** Exercise description **
Please return all lines of the data below containing the string "fracBitsMode".

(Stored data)
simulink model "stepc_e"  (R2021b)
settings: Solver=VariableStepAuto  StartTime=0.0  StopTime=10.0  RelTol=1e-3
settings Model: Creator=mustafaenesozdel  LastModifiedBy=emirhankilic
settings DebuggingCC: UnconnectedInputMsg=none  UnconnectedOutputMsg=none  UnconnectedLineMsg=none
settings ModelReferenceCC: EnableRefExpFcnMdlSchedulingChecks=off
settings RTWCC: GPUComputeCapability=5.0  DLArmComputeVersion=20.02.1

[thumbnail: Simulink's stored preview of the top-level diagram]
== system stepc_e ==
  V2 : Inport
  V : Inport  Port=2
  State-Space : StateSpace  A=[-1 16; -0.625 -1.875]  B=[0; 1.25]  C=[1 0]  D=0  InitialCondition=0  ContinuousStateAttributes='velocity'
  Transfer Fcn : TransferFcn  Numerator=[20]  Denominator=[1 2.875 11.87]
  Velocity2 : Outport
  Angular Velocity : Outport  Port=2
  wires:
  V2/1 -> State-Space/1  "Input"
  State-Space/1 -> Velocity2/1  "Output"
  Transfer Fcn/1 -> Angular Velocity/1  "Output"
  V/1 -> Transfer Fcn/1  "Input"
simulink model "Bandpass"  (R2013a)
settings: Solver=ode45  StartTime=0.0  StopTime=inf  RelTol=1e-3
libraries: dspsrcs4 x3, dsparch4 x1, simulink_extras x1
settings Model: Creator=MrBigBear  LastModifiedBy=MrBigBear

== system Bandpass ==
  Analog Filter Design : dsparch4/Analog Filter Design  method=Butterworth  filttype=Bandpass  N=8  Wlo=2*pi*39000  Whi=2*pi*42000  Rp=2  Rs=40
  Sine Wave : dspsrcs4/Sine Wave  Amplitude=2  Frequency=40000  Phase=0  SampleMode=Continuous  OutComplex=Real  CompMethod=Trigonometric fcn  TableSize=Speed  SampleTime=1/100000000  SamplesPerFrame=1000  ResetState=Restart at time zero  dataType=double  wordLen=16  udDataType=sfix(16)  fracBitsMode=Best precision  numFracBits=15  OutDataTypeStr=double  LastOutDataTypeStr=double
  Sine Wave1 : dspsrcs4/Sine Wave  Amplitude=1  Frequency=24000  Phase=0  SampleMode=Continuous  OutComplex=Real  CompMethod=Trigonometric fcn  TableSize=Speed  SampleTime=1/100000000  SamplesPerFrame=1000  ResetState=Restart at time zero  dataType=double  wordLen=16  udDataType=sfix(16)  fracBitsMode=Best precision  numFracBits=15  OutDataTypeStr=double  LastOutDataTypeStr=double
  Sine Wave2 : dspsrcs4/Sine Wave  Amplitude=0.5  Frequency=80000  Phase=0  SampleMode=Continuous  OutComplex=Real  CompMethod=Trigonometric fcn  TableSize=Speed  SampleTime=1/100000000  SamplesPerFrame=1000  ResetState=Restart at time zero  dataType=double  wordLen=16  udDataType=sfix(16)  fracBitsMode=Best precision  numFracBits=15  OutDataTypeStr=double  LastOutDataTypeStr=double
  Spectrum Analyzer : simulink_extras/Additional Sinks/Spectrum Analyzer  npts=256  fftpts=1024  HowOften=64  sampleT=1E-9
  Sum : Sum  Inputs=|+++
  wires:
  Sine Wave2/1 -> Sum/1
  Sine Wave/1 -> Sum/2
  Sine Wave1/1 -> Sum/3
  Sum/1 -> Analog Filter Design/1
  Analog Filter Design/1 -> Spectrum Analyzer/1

** Response to this task **
  Sine Wave : dspsrcs4/Sine Wave  Amplitude=2  Frequency=40000  Phase=0  SampleMode=Continuous  OutComplex=Real  CompMethod=Trigonometric fcn  TableSize=Speed  SampleTime=1/100000000  SamplesPerFrame=1000  ResetState=Restart at time zero  dataType=double  wordLen=16  udDataType=sfix(16)  fracBitsMode=Best precision  numFracBits=15  OutDataTypeStr=double  LastOutDataTypeStr=double
  Sine Wave1 : dspsrcs4/Sine Wave  Amplitude=1  Frequency=24000  Phase=0  SampleMode=Continuous  OutComplex=Real  CompMethod=Trigonometric fcn  TableSize=Speed  SampleTime=1/100000000  SamplesPerFrame=1000  ResetState=Restart at time zero  dataType=double  wordLen=16  udDataType=sfix(16)  fracBitsMode=Best precision  numFracBits=15  OutDataTypeStr=double  LastOutDataTypeStr=double
  Sine Wave2 : dspsrcs4/Sine Wave  Amplitude=0.5  Frequency=80000  Phase=0  SampleMode=Continuous  OutComplex=Real  CompMethod=Trigonometric fcn  TableSize=Speed  SampleTime=1/100000000  SamplesPerFrame=1000  ResetState=Restart at time zero  dataType=double  wordLen=16  udDataType=sfix(16)  fracBitsMode=Best precision  numFracBits=15  OutDataTypeStr=double  LastOutDataTypeStr=double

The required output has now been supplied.